▸ **About this task**
Please filter the data below down to the lines holding the string "output".

-- Data supplied follows --

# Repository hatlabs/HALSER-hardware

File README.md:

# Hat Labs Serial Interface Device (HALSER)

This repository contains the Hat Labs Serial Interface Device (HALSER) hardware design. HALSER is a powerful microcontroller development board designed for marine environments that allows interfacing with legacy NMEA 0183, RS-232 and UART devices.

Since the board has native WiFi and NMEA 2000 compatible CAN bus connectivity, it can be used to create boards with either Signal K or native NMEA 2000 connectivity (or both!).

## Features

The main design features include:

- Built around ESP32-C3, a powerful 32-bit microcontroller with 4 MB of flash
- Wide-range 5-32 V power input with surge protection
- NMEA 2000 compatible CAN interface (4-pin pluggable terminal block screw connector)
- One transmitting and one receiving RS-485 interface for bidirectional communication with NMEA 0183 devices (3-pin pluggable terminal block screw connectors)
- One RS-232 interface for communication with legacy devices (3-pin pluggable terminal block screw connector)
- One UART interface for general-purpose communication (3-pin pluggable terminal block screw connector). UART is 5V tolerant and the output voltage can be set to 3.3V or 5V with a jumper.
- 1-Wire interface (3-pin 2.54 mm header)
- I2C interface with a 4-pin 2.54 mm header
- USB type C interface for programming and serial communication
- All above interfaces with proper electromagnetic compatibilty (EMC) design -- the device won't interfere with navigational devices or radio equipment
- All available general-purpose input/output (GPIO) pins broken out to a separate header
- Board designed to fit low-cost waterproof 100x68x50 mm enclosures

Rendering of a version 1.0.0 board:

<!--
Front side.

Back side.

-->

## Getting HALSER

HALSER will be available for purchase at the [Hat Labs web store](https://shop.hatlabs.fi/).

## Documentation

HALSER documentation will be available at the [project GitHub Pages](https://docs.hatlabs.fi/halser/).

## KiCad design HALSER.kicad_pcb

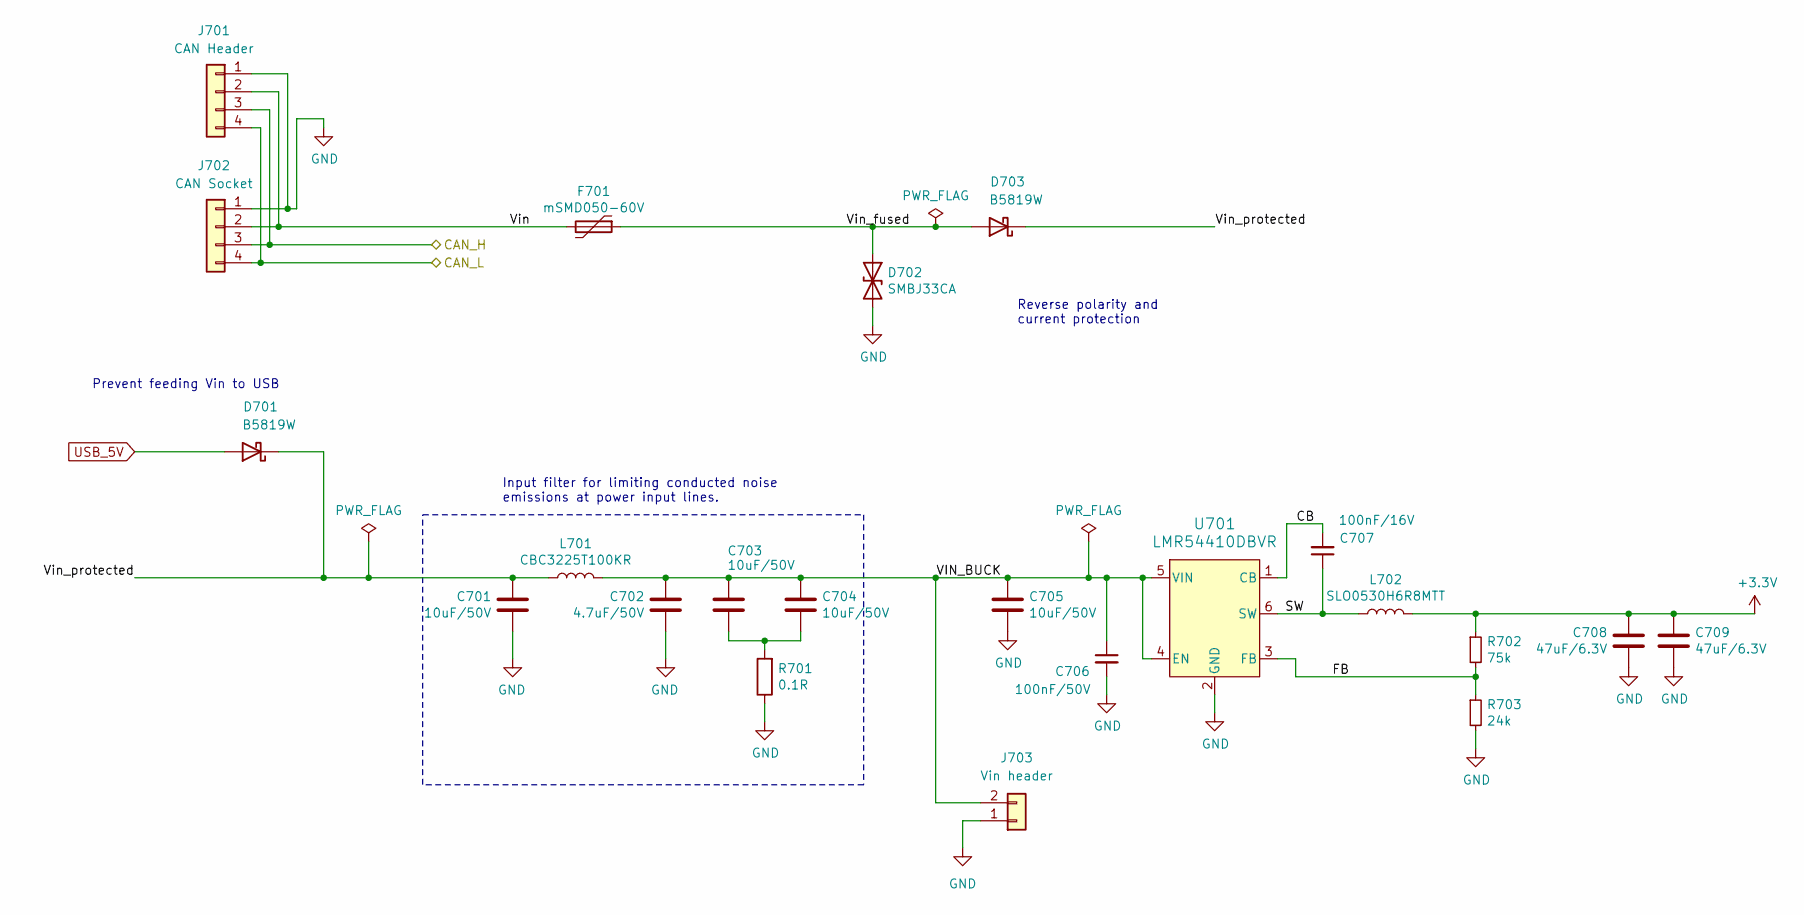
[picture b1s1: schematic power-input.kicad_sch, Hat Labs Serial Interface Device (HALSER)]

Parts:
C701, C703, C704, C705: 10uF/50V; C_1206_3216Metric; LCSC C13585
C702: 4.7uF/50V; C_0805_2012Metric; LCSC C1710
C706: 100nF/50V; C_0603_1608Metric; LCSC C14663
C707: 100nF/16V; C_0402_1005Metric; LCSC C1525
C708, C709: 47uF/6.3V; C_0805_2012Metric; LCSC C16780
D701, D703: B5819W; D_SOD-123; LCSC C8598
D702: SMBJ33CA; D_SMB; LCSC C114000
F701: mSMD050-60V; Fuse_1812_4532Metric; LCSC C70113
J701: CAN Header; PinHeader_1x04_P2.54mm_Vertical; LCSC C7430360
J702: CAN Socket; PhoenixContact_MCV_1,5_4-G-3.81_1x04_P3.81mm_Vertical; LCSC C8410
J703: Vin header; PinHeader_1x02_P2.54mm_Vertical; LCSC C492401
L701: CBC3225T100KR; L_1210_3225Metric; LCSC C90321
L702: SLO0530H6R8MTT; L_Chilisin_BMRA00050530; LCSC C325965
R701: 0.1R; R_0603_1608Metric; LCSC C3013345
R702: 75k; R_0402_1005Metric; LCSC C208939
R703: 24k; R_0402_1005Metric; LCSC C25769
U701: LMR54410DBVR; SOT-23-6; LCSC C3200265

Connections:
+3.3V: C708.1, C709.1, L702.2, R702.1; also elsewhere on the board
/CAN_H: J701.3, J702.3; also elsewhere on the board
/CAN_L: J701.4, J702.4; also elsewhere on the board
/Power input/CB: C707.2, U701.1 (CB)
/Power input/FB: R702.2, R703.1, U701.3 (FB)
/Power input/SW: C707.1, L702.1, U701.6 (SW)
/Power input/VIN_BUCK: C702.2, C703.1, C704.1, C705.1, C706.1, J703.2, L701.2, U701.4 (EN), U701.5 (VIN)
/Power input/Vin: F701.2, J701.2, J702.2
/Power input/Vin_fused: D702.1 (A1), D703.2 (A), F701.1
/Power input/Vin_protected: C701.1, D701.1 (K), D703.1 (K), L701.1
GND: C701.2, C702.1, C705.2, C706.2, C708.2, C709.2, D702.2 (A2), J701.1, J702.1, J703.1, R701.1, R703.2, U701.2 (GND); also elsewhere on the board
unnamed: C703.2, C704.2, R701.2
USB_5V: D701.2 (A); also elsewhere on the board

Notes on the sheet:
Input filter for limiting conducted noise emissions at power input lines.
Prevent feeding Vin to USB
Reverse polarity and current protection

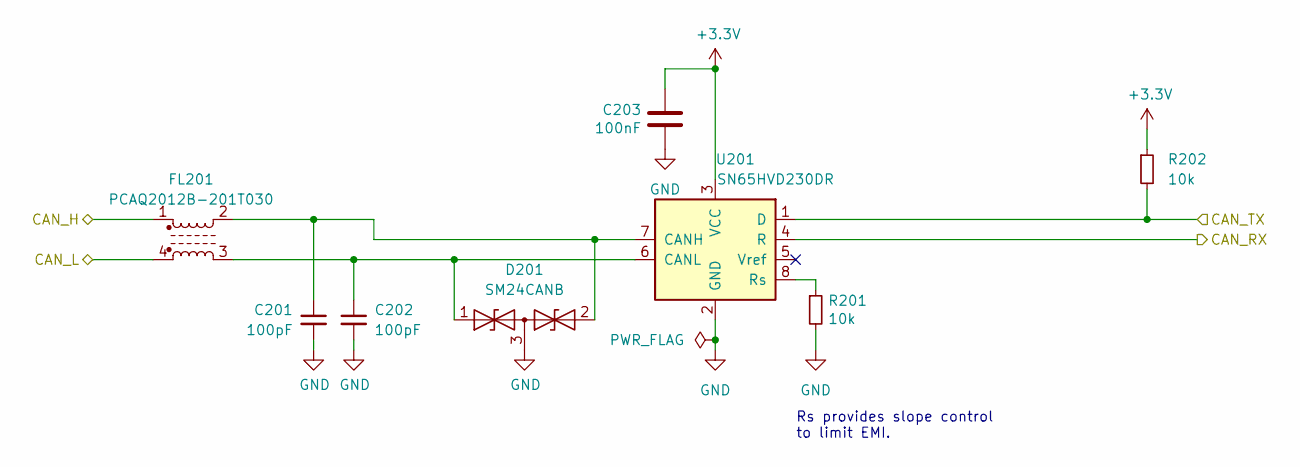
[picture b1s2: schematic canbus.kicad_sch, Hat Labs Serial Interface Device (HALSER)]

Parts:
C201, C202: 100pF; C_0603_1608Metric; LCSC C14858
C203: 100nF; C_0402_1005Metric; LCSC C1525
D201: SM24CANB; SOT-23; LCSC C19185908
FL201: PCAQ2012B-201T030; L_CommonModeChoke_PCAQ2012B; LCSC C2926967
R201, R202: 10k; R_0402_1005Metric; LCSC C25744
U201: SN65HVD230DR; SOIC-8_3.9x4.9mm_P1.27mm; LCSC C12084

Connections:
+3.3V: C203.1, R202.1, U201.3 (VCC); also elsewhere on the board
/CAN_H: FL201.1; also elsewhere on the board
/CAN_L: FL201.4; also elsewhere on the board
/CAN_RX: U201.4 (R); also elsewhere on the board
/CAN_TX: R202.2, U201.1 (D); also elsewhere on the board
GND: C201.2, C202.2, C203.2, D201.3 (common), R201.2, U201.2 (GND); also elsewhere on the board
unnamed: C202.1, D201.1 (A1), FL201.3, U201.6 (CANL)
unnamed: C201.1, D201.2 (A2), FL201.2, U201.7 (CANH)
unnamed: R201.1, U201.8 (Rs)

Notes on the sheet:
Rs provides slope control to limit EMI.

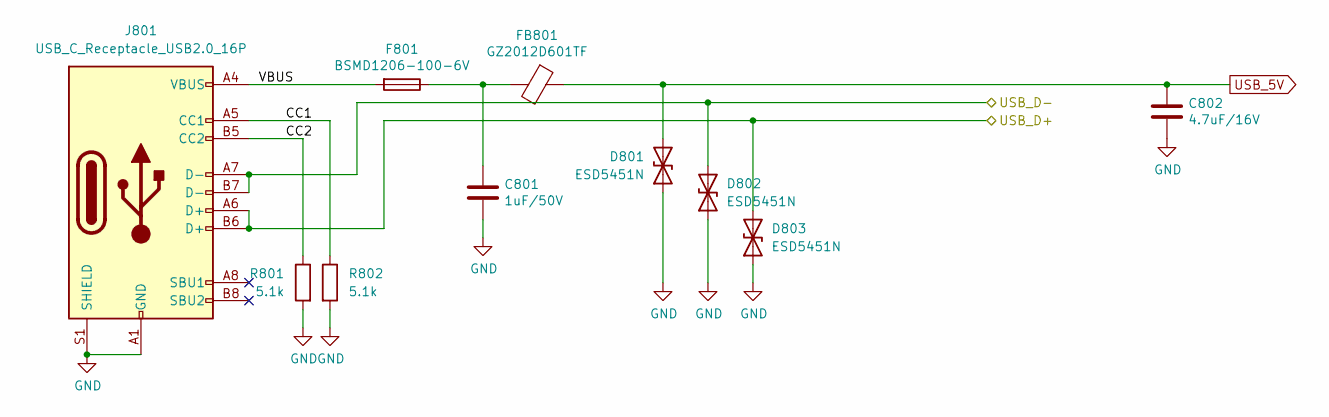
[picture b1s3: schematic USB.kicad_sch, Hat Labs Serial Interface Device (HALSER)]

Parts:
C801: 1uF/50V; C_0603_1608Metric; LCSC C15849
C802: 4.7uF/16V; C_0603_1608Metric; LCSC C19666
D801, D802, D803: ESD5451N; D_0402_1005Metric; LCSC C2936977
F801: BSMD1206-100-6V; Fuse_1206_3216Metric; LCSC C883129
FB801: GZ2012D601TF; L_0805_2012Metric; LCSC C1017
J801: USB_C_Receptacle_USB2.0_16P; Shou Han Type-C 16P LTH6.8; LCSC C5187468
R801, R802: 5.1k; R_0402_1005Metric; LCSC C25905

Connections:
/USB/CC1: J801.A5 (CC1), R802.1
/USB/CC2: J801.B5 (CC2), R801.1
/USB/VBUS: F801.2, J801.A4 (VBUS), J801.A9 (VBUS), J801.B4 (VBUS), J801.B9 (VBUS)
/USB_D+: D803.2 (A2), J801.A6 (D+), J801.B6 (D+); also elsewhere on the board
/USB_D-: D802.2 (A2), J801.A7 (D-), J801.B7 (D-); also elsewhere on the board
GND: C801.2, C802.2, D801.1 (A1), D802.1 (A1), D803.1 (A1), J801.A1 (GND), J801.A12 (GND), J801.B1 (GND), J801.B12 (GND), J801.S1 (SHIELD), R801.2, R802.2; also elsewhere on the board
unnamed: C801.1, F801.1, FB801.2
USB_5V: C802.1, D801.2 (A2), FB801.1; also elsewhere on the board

-- Data supplied concluded --

▸ **Written reply**
- One UART interface for general-purpose communication (3-pin pluggable terminal block screw connector). UART is 5V tolerant and the output voltage can be set to 3.3V or 5V with a jumper.
- All available general-purpose input/output (GPIO) pins broken out to a separate header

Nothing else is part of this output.